---------- Available records ----------
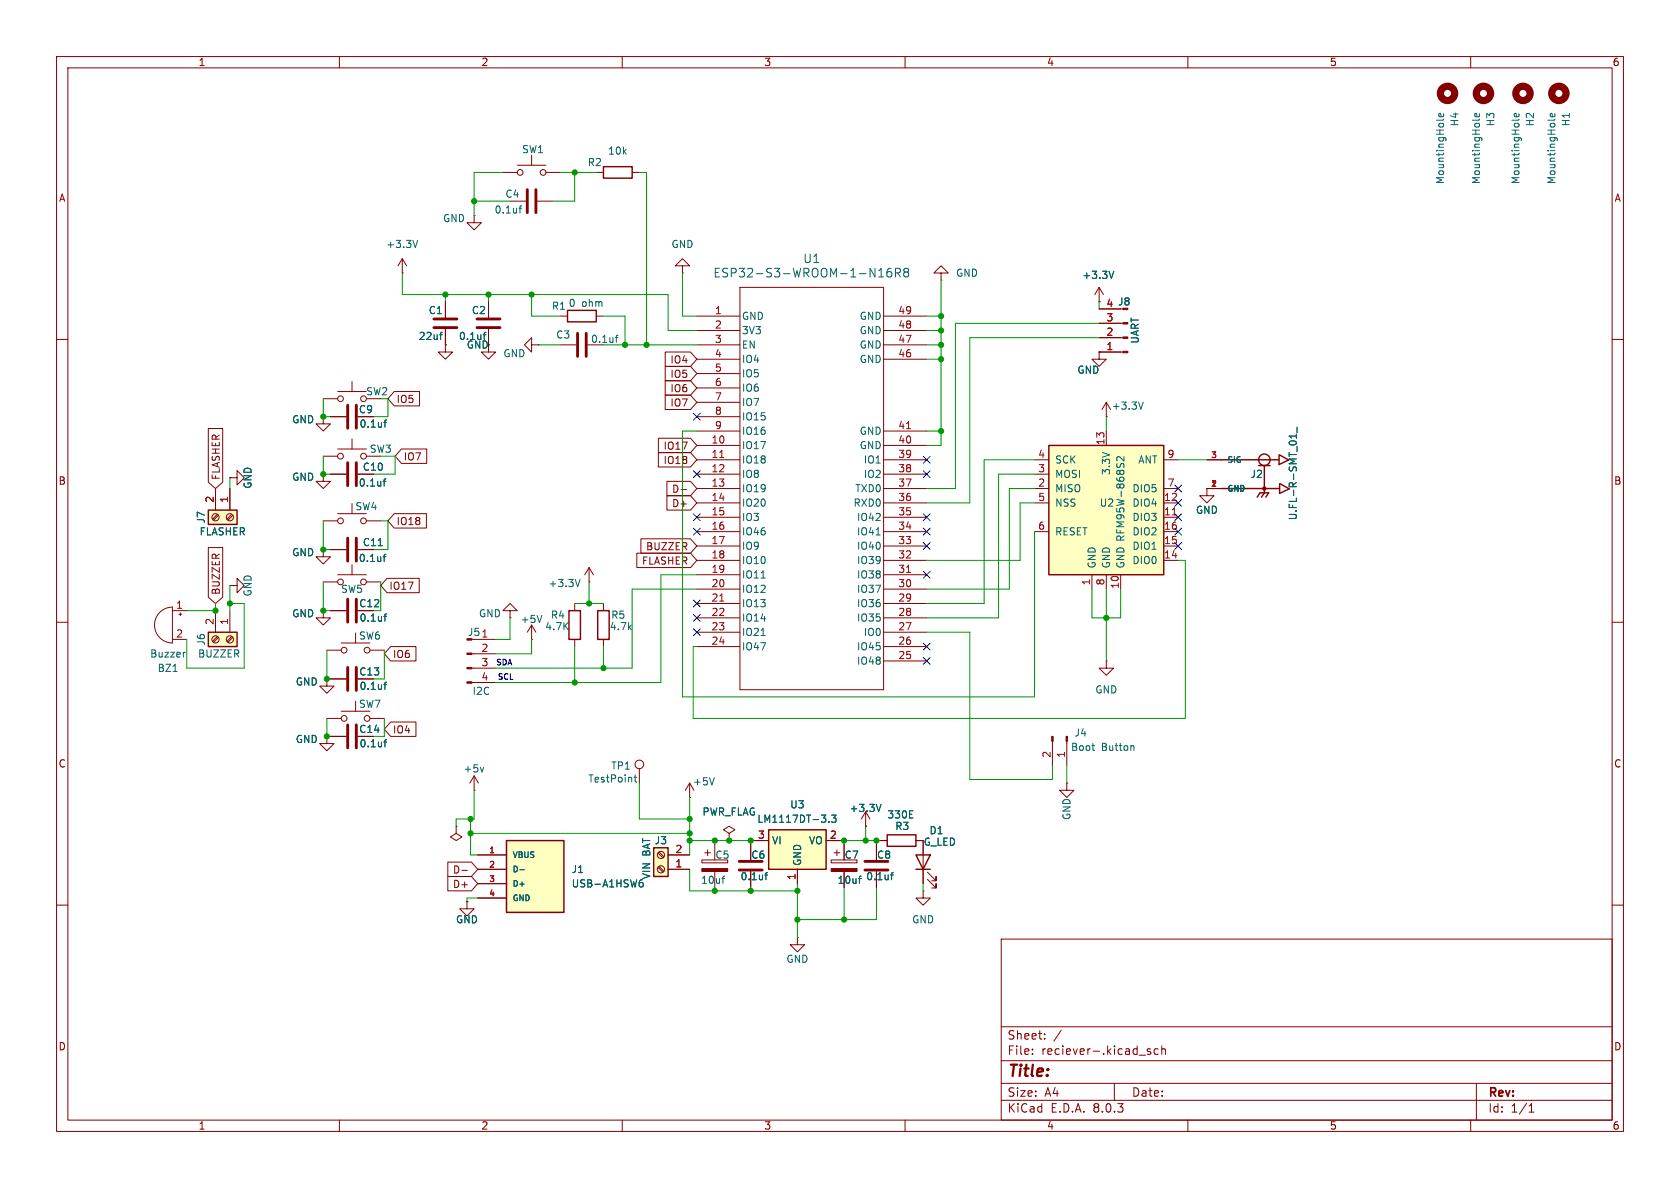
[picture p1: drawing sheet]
<svg xmlns="http://www.w3.org/2000/svg" width="297mm" height="210mm" viewBox="0 0 297 210" stroke-linecap="round" stroke-linejoin="round" font-family="sans-serif">
<g fill="none" stroke="#840000" stroke-width=".18">
<path d="M10 10h277v190h-277zM12 12h273v186h-273zM60 10v2M110 10v2M160 10v2M210 10v2M260 10v2M10 60h2M99.1 55.9h1.2M105.4 55.9h1.3M285 60h2M99.1 61h2.8"/>
<path d="M57.1 83.8v1.3h1.3l-1.3 1.3-1.2-1.3h1.2M57.1 83.8h.1M10 110h2M106.7 106.7v1.3M106.7 113v1.3M285 110h2M10 160h2M285 160h2M177 166h108v32h-108zM60 198v2M110 198v2M160 198v2"/>
<path d="M177 194.5h108M177 191.5h108M177 187.5h108M177 181.5h108M182.5 186.3v.1M182.5 185.5v.1M184.7 183.6v.1M184.7 182.8v.1M187.6 182.1l-1.3 2M197 191.5v3M203.4 185.5l-.4-.1-.2 .2 .1 .2 .5 .2v.3h-.6M204.7 185.5l-.4-.1-.3 .3v.4l.2 .2h.5"/>
<path d="M205.4 185.5l.2-.1 .4 .1v.9M205.4 184.9v1.5M210 198v2M260 198v2M261 191.5v6.5M270.3 196.6h.9M270.3 195.5l.4-.4v1.5"/>
</g>
<path d="M100.3 54.9h5.1v2h-5.1zM105.7 108h2v5h-2z" fill="none" stroke="#840000" stroke-width=".25"/>
<path d="M102.1 58.9v4.1M103.6 58.9v4.1" fill="none" stroke="#840000" stroke-width=".51"/>
<path d="M108.8 59.7h.5M109.3 59.3l-.3 .1v1.1" fill="none" stroke="#006464" stroke-width=".18"/>
<path d="M36.8 111.8h5.1v2.5h-5.1z" fill="#ffffc2"/>
<path d="M36.8 111.8h5.1v2.5h-5.1zM161.9 151.1h2.6l-1.3 2.6zM161.9 153.7h2.6" fill="none" stroke="#840000" stroke-width=".25"/>
<g fill="none" stroke="#840000" stroke-width=".18">
<path d="M78.7 53.3v2.8M78.7 58.2v2.8M86.4 58.2v4h1.2l-1.2 1.3-1.3-1.3h1.3M86.4 53.3v2.8M78.7 61v1.2h1.3l-1.3 1.3-1.2-1.3h1.2M78.7 61h.1M28.2 108.3a3.2 3.2 0 0 1 2.3-1v6.4a3.2 3.2 0 0 1-2.9-2 3.2 3.2 0 0 1 .6-3.4zM30.5 108h2.5M30.5 113h2.5M31.6 108.6h.5M31.9 108.3v.5M38.1 108v3.8"/>
<path d="M38.4 112.5l-.8 .9M38.6 112.7l-.8 .8M40.6 108v3.8M41 112.5l-.9 .9M41.1 112.7l-.8 .8M94 113h.1M94 110.5l-.8 1.3M94 110.5v2.5M94 110.5l.7 1.3M57.8 130.2v1.2h1.3l-1.3 1.3-1.3-1.3h1.3M57.8 130.2h.1M57.8 127h2.5"/>
<path d="M58.4 130.2h2.8M58.4 120h2.8M60.3 125.7h5.1M65.4 127h2.5M113 135.9v2.5M121.9 138.4l-.7 1.3M121.9 138.4v2.6M121.9 138.4l.8 1.3M186.1 131v4.3M188.6 138.4v1.3h1.3l-1.3 1.3-1.3-1.3h1.3M188.6 138.4h.1M188.6 131v4.3"/>
<path d="M121.9 141h.1M163.2 148.6v7.6M164 155.4l1.5 1.6v-.8v.8h-.8M164 154.2l1.5 1.5v-.8v.8h-.8"/>
<circle cx="38.1" cy="113" r=".63"/>
<circle cx="40.6" cy="113" r=".63"/>
<circle cx="60.8" cy="127" r=".51"/>
<circle cx="64.9" cy="127" r=".51"/>
<circle cx="113" cy="135.1" r=".76"/>
</g>
<g fill="none" stroke="#006464" stroke-width=".18">
<path d="M77.7 59.2h.5M78.2 58.7l-.2 .1M85.4 59.2h.5M85.9 58.7l-.3 .2v1.1M30.6 118.7h.7M32.8 115.3l-.3 .1M95.8 108.8l-.4 1.3M67.9 131.2h.4M67.9 121h.4M68.3 120.6l-.3 .2v1.1M68.3 130.8l-.3 .1v1.1M112.1 137.4h.5"/>
<path d="M112.3 137v1.1l.3 .1M126.3 137.5l-.4 1.3M193 131.8h.5M193.4 132.7h.1M200.3 131.8l.2 .2v.7"/>
</g>
<path d="M76.7 57.9h4.1M76.7 56.4h4.1M84.3 57.9h4.1M84.3 56.4h4.1M61.5 118v4M63 118v4M61.5 128.1v4.1M63 128.1v4.1" fill="none" stroke="#840000" stroke-width=".51"/>
<g fill="#840000" stroke="#840000" stroke-width=".18">
<path d="M185.9 130.2h.3v.8h-.3z"/>
<path d="M188.5 130.2h.2v.8h-.2z"/>
</g>
<path d="M185.4 78.7h20.3v22.9h-20.3z" fill="#ffffc2"/>
<path d="M185.4 78.7h20.3v22.9h-20.3z" fill="none" stroke="#840000" stroke-width=".25"/>
<g fill="none" stroke="#840000" stroke-width=".18">
<path d="M195.6 76.2v2.5M182.9 88.9h2.5M182.9 94h2.5M182.9 86.4h2.5M182.9 83.8h2.5M182.9 81.3h2.5M205.7 91.4h2.6M205.7 88.9h2.6M205.7 99.1h2.6M205.7 96.5h2.6M205.7 94h2.6M205.7 86.4h2.6"/>
<path d="M205.7 81.3h2.6M90.2 108h1.2l-1.2-1.3-1.3 1.3h1.3v1.2M90.2 109.2h.1M193 101.6v2.5M195.6 101.6v2.5M198.1 101.6v2.5"/>
</g>
<path d="M207.3 91h.7" fill="none" stroke="#a90000" stroke-width=".18"/>
<path d="M197.5 81.9l-.1 .5M198 82.4l.2-.4 .3-.1 .2 .3v.3M198.7 80.7v.8l-.9-.8-.4 .3 .2 .4" fill="none" stroke="#006464" stroke-width=".18"/>
<path d="M36.8 90.2h5.1v2.5h-5.1z" fill="#ffffc2"/>
<g fill="none" stroke="#840000" stroke-width=".25">
<path d="M36.8 90.2h5.1v2.5h-5.1zM215.9 86.4h10.2M215.9 81.3h10.2M222.2 87.9l.6-.8h1.5l-.5 .8M222.5 82.3h2M223.5 82.3v4.8l-.5 .8M226.1 80.4v1.7l1.7-.8-1.6-.9M226.2 85.5v1.7l1.7-.8-1.6-.9"/>
<circle cx="223.5" cy="81.3" r="1.02"/>
<circle cx="223.5" cy="86.4" r=".25"/>
</g>
<g fill="none" stroke="#840000" stroke-width=".18">
<path d="M194.3 57.2h4.2M194.3 59.7h4.2M194.3 54.6h3.8M94 61v-1.3l-1.3 1.3 1.3 1.2v-1.2h1.2M95.2 61h.1M194.3 62.2v1.3h1.3l-1.3 1.3-1.3-1.3h1.3M194.3 62.2h.1M194.3 62.2h4.2M195.6 73.7h.1M195.6 71.1l-.8 1.3M195.6 71.1v2.6M195.6 71.1l.7 1.3"/>
<path d="M38.1 86.4v3.8M38.4 90.9l-.8 .9M38.6 91.1l-.8 .8M40.6 84.5h1.3v-1.3l1.3 1.3-1.3 1.2v-1.2M40.6 84.5h.1M40.6 86.4v3.8M41 90.9l-.9 .9M41.1 91.1l-.8 .8M213.4 86.4v1.2h1.2l-1.2 1.3-1.3-1.3h1.3M213.4 86.4h.1M213.4 86.4h2.5M213.4 81.3h2.5"/>
<path d="M57.1 108v1.2h1.3l-1.3 1.3-1.2-1.3h1.2M57.1 108h.1M57.8 114.9h2.5M58.4 108h2.8M60.3 113.7h5.1M65.4 114.9h2.5M57.8 120v1.3h1.3l-1.3 1.3-1.3-1.3h1.3M57.8 120h.1"/>
<circle cx="38.1" cy="91.4" r=".63"/>
<circle cx="40.6" cy="91.4" r=".63"/>
<circle cx="60.8" cy="114.9" r=".51"/>
<circle cx="64.9" cy="114.9" r=".51"/>
</g>
<path d="M255.2 20.1v.4l-.2 .1h-.6v-.5l.3-.1 .1 .6M255.2 21.1l-.2 .1M202.1 71.1l-.4 1.2M229.2 76.7v.7M229.2 77.1h-1.3l.4 .3M229.3 75.5v1M67.9 109h.4M68.3 108.5l-.3 .2v1.1" fill="none" stroke="#006464" stroke-width=".18"/>
<g fill="#840000" stroke="#840000" stroke-width=".18">
<path d="M198.5 57h.9v.3h-.9z"/>
<path d="M198.5 59.6h.9v.2h-.9z"/>
<path d="M198.5 62.1h.9v.3h-.9z"/>
</g>
<path d="M61.5 105.9v4.1M63 105.9v4.1" fill="none" stroke="#840000" stroke-width=".51"/>
<circle cx="255.9" cy="16.5" r="1.27" fill="none" stroke="#840000" stroke-width="1.3"/>
<path d="M89.5 148.6h10.2v12.7h-10.2z" fill="#ffffc2"/>
<path d="M89.5 148.6h10.2v12.7h-10.2z" fill="none" stroke="#840000" stroke-width=".25"/>
<path d="M84.5 151.1h5M84.5 153.7h5M84.5 156.2h5M84.5 158.8h5" fill="none" stroke="#840000" stroke-width=".18"/>
<path d="M91.9 153.7h.8M113.4 155.5l-.4 .6M113.5 156l-.4 .1-.1 .1M113.6 156.1l.1 .1-.1 .5-.4 .1-.2-.3" fill="none" stroke="#006464" stroke-width=".18"/>
<path d="M115.6 149.9h2.5v5h-2.5z" fill="#ffffc2"/>
<path d="M106.7 29.5h5.1v2h-5.1zM100.6 108h2v5h-2zM115.6 149.9h2.5v5h-2.5z" fill="none" stroke="#840000" stroke-width=".25"/>
<g fill="none" stroke="#840000" stroke-width=".18">
<path d="M83.8 38.1v1.3h1.3l-1.3 1.2-1.3-1.2h1.3M83.8 38.1h.1M88.9 30.5h2.5M90.2 35.6h2.8M91.4 29.2h5.1M94 27.4v1.8M95 35.6h2.8M96.5 30.5h2.6M105.4 30.5h1.3M111.8 30.5h1.2M71.1 48.3h.1M71.1 45.7l-.7 1.3"/>
<path d="M71.1 45.7v2.6M71.1 45.7l.8 1.3M120.6 47h1.3l-1.3-1.3-1.2 1.3h1.2v1.3M120.6 48.3h.1M57.1 73.7v1.2h1.3l-1.3 1.3-1.2-1.3h1.2M57.1 73.7h.1M57.1 70.5h2.6M58.4 73.7h2.8M59.7 79.4h5.1M59.7 69.2h5.1M62.2 67.4v1.8M62.2 77.6v1.8"/>
<path d="M57.1 97.2v1.2h1.3l-1.3 1.3-1.2-1.3h1.2M57.1 97.2h.1M57.1 80.6h2.6M57.1 92.1h2.6M58.4 83.8h2.8M58.4 97.2h2.8M59.7 90.8h5.1M62.2 99.8v1.8M63.2 83.8h2.8M63.2 97.2h2.8M64.8 92.1h2.5M40.6 103.5h1.3v-1.3l1.3 1.3-1.3 1.3v-1.3"/>
<path d="M40.6 103.5h.1M57.1 102.9h2.6M59.7 101.6h5.1M64.8 102.9h2.5M83.4 118.1h4.2M83.4 115.6h4.2M83.8 113h3.8M101.6 106.7v1.3M101.6 113v1.3M104.1 102.9h.1M104.1 100.3l-.7 1.3M104.1 100.3v2.6"/>
<path d="M104.1 100.3l.8 1.3M195.6 116.8v1.3h1.2l-1.2 1.3-1.3-1.3h1.3M195.6 116.8h.1M83.4 120.7h4.2M83.8 139.7h.1M83.8 137.2l-.7 1.2M83.8 137.2v2.5M83.8 137.2l.8 1.2M80.6 146.1v1.2l1.1 .7-1.1 .6-1-.6 1-.7M80.6 146.1h.1M82.5 159.4v1.3h1.3l-1.3 1.2-1.2-1.2h1.2M82.5 159.4h.1"/>
<path d="M116.3 150.8l.9 .8M116.3 153.3l.9 .9M116.5 150.6l.9 .9M116.5 153.2l.9 .8M118.1 153.7h3.8M118.1 151.1h3.8M124.1 152h4.6v.5h-4.6zM124.6 150.7h1M125.1 150.2v1.1M126.4 149.2v2.8M126.4 154.1v2.7M132.7 149.2v2.8"/>
<path d="M132.7 154.1v2.7"/>
<circle cx="91.9" cy="30.5" r=".51"/>
<circle cx="96" cy="30.5" r=".51"/>
<circle cx="60.2" cy="70.5" r=".51"/>
<circle cx="64.3" cy="70.5" r=".51"/>
<circle cx="60.2" cy="80.6" r=".51"/>
<circle cx="60.2" cy="92.1" r=".51"/>
<circle cx="64.3" cy="92.1" r=".51"/>
<circle cx="64.3" cy="80.6" r=".51"/>
<circle cx="60.2" cy="102.9" r=".51"/>
<circle cx="64.3" cy="102.9" r=".51"/>
<circle cx="116.8" cy="151.1" r=".63"/>
<circle cx="116.8" cy="153.7" r=".63"/>
</g>
<path d="M93.2 33.5v4.1M94.7 33.5v4.1M61.5 71.6v4.1M63 71.6v4.1M61.5 81.8v4.1M61.5 95.1v4.1M63 81.8v4.1M63 95.1v4.1M130.7 153.8h4M130.7 152.3h4" fill="none" stroke="#840000" stroke-width=".51"/>
<g fill="none" stroke="#006464" stroke-width=".18">
<path d="M91.7 36.8h.5M92.2 36.4l-.3 .2v1.1M261.5 20.1l.1 .4-.2 .1h-.6v-.5l.2-.1 .1 .6M261.6 21.1l-.2 .1M268.5 20.1v.4l-.1 .1h-.6v-.5l.2-.1 .1 .6M268.5 21.1l-.1 .1M274.8 20.1l.1 .4-.2 .1h-.6v-.5l.3-.1 .1 .6M274.9 21.1l-.2 .1M73.8 42.5l-.4 1.3M67.9 74.7h.4M68.3 74.2l-.3 .2v1.1M66.9 96.5h.7"/>
<path d="M67.7 85.1h.5M67.7 98.4h.5M68.2 84.7l-.3 .1v1.1M68.2 98l-.3 .2v1.1M102.5 102.4l-.4 1.3M85.5 135.6l-.3 .9M127.6 155.3h.5M128.1 154.9h-.2M135.2 154.7h.5M135.7 154.2l-.3 .2v1.1"/>
</g>
<g fill="none" stroke="#840000" stroke-width="1.3">
<circle cx="262.3" cy="16.5" r="1.27"/>
<circle cx="269.2" cy="16.5" r="1.27"/>
<circle cx="275.6" cy="16.5" r="1.27"/>
</g>
<g fill="#840000" stroke="#840000" stroke-width=".18">
<path d="M82.5 120.5h.9v.3h-.9z"/>
<path d="M82.5 118h.9v.2h-.9z"/>
<path d="M82.5 115.4h.9v.3h-.9z"/>
<path d="M124.1 153.5h4.6v.6h-4.6z"/>
</g>
<path d="M135.9 146.7h10.1v7h-10.1z" fill="#ffffc2"/>
<path d="M135.9 146.7h10.1v7h-10.1zM156.8 147.6h5.1v2h-5.1z" fill="none" stroke="#840000" stroke-width=".25"/>
<g fill="none" stroke="#840000" stroke-width=".18">
<path d="M78.7 53.3v2.8M78.7 58.2v2.8M86.4 53.3v2.8M86.4 58.2v2.8M123.2 58.4h7.6M123.2 55.9h7.6M130.8 50.8h25.4v71.1h-25.4zM156.2 58.4h7.6M156.2 55.9h7.6M166.4 48.3h1.2l-1.2-1.3-1.3 1.3h1.3v1.2M166.4 49.5h.1M194.3 53.3h.1"/>
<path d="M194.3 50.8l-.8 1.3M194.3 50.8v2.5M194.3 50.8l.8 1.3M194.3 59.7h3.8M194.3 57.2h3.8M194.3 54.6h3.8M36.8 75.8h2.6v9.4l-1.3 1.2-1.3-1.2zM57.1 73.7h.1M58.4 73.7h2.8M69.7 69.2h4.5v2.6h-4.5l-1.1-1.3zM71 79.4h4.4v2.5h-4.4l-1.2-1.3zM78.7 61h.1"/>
----------
# Assignment
Retype the records above word for word, from their first line through the line containing "194.5h108M177 191.5h108M177 187.5h108M177", and leave out every picture.

# Answer box
[picture p1: drawing sheet]
<svg xmlns="http://www.w3.org/2000/svg" width="297mm" height="210mm" viewBox="0 0 297 210" stroke-linecap="round" stroke-linejoin="round" font-family="sans-serif">
<g fill="none" stroke="#840000" stroke-width=".18">
<path d="M10 10h277v190h-277zM12 12h273v186h-273zM60 10v2M110 10v2M160 10v2M210 10v2M260 10v2M10 60h2M99.1 55.9h1.2M105.4 55.9h1.3M285 60h2M99.1 61h2.8"/>
<path d="M57.1 83.8v1.3h1.3l-1.3 1.3-1.2-1.3h1.2M57.1 83.8h.1M10 110h2M106.7 106.7v1.3M106.7 113v1.3M285 110h2M10 160h2M285 160h2M177 166h108v32h-108zM60 198v2M110 198v2M160 198v2"/>
<path d="M177 194.5h108M177 191.5h108M177 187.5h108M177 181.5h108M182.5 186.3v.1M182.5 185.5v.1M184.7 183.6v.1M184.7 182.8v.1M187.6 182.1l-1.3 2M197 191.5v3M203.4 185.5l-.4-.1-.2 .2 .1 .2 .5 .2v.3h-.6M204.7 185.5l-.4-.1-.3 .3v.4l.2 .2h.5"/>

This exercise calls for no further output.